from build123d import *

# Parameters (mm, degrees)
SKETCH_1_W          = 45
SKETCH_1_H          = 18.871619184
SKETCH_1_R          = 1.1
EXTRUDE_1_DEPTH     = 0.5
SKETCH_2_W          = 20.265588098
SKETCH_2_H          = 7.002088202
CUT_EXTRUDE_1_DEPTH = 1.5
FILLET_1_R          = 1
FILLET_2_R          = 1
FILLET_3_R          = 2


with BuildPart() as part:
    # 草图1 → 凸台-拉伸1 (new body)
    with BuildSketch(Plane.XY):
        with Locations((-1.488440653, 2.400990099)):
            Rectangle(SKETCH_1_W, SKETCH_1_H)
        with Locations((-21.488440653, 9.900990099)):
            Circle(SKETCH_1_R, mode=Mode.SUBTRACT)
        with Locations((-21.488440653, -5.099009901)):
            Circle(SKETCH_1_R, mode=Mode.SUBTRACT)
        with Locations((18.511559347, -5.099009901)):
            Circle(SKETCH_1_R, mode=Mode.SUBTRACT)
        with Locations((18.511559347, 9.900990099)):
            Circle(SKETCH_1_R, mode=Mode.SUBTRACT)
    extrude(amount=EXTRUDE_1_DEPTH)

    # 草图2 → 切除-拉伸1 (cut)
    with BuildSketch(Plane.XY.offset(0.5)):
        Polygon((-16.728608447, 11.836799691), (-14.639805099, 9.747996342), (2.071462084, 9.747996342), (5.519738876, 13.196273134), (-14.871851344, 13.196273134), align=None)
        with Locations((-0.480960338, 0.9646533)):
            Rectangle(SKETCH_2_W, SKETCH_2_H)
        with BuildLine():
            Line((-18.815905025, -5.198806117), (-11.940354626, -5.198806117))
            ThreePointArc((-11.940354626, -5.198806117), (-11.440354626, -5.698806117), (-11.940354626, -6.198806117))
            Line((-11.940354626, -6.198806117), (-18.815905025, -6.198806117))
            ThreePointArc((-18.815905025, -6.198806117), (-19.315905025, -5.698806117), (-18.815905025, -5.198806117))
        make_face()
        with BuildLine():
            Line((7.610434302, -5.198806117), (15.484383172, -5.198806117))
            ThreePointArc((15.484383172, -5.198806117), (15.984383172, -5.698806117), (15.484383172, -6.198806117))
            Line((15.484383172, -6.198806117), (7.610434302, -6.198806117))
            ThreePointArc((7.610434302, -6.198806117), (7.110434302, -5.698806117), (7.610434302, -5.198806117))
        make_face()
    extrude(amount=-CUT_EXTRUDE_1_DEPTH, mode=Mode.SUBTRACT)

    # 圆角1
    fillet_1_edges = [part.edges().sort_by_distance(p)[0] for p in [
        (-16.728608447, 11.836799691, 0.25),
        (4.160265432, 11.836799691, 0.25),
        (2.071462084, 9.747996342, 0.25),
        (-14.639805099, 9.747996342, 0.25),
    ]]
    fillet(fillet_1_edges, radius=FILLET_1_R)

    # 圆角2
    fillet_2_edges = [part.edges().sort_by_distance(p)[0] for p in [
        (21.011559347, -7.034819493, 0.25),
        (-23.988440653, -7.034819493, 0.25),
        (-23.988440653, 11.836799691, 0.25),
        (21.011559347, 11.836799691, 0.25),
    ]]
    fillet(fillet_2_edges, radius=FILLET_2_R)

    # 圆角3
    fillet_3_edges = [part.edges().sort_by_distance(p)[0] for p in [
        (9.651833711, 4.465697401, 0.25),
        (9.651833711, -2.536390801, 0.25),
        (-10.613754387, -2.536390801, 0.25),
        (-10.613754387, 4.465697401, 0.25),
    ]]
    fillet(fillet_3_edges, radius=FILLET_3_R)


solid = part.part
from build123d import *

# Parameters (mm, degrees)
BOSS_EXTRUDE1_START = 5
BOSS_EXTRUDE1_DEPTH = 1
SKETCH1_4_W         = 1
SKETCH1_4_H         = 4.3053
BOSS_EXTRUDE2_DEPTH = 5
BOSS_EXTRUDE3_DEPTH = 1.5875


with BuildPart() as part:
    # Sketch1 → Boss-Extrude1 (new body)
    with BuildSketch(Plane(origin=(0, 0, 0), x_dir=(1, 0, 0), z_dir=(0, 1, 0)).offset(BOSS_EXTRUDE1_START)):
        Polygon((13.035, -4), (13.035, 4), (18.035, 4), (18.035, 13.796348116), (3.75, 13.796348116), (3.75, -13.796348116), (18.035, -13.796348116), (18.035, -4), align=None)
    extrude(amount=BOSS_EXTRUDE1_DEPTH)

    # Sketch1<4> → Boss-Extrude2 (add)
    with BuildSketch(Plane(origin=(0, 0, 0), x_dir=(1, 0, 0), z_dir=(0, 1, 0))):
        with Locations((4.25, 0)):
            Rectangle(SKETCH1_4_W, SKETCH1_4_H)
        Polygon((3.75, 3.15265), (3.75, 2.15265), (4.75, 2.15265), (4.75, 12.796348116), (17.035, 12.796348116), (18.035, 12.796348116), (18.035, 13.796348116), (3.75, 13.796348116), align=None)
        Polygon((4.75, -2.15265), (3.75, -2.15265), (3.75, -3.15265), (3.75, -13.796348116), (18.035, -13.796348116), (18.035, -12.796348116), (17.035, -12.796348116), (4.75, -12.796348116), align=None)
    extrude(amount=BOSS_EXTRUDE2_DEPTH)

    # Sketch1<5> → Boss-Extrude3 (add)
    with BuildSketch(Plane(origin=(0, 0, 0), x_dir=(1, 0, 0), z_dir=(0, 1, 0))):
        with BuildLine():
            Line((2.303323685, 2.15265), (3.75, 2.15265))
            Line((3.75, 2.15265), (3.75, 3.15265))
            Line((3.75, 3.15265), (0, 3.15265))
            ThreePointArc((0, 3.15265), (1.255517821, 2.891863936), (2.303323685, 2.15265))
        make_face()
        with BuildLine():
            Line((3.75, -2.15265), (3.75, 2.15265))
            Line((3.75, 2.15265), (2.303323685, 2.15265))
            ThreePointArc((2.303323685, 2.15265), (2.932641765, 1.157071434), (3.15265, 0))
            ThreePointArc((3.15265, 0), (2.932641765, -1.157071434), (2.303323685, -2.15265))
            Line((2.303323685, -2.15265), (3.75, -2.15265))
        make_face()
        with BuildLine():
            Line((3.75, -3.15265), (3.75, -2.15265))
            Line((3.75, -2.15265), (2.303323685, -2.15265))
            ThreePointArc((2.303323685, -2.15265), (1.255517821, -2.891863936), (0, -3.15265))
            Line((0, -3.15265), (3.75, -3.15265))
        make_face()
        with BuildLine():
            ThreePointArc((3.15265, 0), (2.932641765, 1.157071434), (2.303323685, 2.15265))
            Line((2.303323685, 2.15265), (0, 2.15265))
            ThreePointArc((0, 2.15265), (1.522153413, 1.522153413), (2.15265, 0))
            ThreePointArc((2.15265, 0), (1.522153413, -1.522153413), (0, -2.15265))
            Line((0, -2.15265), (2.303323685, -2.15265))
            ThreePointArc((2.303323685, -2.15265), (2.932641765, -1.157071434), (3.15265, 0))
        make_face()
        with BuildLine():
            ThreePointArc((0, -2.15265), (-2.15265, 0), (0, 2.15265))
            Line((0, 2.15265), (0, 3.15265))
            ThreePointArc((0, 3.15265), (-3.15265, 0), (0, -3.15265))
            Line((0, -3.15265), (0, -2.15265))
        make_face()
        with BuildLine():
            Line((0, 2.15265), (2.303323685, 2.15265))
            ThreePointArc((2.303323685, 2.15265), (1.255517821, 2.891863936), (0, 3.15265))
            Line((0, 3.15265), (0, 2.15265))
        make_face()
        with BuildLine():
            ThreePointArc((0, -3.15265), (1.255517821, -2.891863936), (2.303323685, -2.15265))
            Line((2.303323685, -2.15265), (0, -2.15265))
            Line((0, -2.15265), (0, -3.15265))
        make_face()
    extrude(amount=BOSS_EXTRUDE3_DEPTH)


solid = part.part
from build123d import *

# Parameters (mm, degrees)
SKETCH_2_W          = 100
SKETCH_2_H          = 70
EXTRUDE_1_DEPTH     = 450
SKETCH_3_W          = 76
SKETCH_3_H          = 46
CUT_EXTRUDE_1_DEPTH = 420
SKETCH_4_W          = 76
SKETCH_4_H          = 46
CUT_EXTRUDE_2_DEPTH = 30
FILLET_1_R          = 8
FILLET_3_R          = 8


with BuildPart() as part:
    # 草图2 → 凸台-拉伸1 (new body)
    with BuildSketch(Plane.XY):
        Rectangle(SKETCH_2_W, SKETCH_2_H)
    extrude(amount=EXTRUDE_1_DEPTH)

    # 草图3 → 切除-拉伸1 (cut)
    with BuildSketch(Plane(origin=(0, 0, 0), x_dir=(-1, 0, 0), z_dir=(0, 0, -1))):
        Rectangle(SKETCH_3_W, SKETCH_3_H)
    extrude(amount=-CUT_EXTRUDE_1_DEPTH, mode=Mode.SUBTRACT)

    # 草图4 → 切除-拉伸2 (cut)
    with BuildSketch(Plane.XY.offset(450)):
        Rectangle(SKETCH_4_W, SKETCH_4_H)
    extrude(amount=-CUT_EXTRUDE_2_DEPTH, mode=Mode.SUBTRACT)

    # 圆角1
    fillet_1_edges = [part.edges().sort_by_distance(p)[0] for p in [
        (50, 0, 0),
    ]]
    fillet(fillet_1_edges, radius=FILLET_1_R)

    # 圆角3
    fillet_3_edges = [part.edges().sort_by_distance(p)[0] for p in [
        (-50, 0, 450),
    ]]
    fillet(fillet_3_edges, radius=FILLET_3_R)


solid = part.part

_YOUR INSTRUCTIONS_.
Word for word, repeat the lines from the one holding "Rectangle(SKETCH_4_W, SKETCH_4_H)" through the last line of the entries, both included.

_OUTPUT FOR THIS EXERCISE_.
        Rectangle(SKETCH_4_W, SKETCH_4_H)
    extrude(amount=-CUT_EXTRUDE_2_DEPTH, mode=Mode.SUBTRACT)

    # 圆角1
    fillet_1_edges = [part.edges().sort_by_distance(p)[0] for p in [
        (50, 0, 0),
    ]]
    fillet(fillet_1_edges, radius=FILLET_1_R)

    # 圆角3
    fillet_3_edges = [part.edges().sort_by_distance(p)[0] for p in [
        (-50, 0, 450),
    ]]
    fillet(fillet_3_edges, radius=FILLET_3_R)


solid = part.part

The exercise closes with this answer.